Answer 9 · 2021-12-11T17:12:03.000Z

the first one is expected for a short time after container startup as per #21 (comment)

the second can be fixed similarly to my fix in the first post, insert timeout = "10s" at the end of /etc/telegraf/telegraf.d/inputs_file_autogain.conf and then killing telegraf. Note that this has to be done every time the container is restarted.

Answer 10 · 2021-12-11T17:36:19.000Z

that explains thanks for the pointer! I've uploaded my version of the prometheus based grafana dashboard, could be used as a template to create an official one maybe @mikenye? I'll delete mine once there is an approved mikenye one ;)
https://grafana.com/grafana/dashboards/15377

Answer 11 · 2021-12-11T18:20:59.000Z

I also adapted the existing InfluxDB v1 dashboard, a little further from the original than yours.
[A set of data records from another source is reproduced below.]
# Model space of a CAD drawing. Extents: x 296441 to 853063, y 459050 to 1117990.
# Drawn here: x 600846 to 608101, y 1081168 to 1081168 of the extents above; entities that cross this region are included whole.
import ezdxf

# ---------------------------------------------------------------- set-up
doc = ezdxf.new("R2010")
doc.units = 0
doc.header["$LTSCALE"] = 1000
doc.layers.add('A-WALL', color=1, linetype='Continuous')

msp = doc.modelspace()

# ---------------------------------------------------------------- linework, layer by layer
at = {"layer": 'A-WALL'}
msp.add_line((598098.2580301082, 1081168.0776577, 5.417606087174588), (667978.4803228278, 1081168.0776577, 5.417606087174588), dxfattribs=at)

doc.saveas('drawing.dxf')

JSON here: https://gist.github.com/rpatel3001/a703c6b70863ab29eea2af7a8196920a

I never was able to get the radar graph working for max range.

Answer 12 · 2021-12-16T09:42:37.000Z

@rpatel3001 that gist is still using influx as a datasource?

Answer 13 · 2022-01-03T01:31:11.000Z

@visibilityspots ah sorry, didn't fully read your question I guess. I'm using InfluxDB V2 to pull in the prometheus formatted data, not prometheus itself. The published dashboard uses Influx DB V1, which is incompatible with V2; my dashboard is modified to use V2.

Answer 14 · 2022-02-16T03:04:35.000Z

[telegraf_vrs_connector] 2022/02/15 22:01:56 socat[427] E connect(5, AF=2 127.0.0.1:33333, 16): Connection refused

I am getting this issue when the container starts. I have READSB_NET_VRS_PORT=33333 set, but I still get the same error.

EDIT: Ignore, its working fine. It only throws an error once at startup.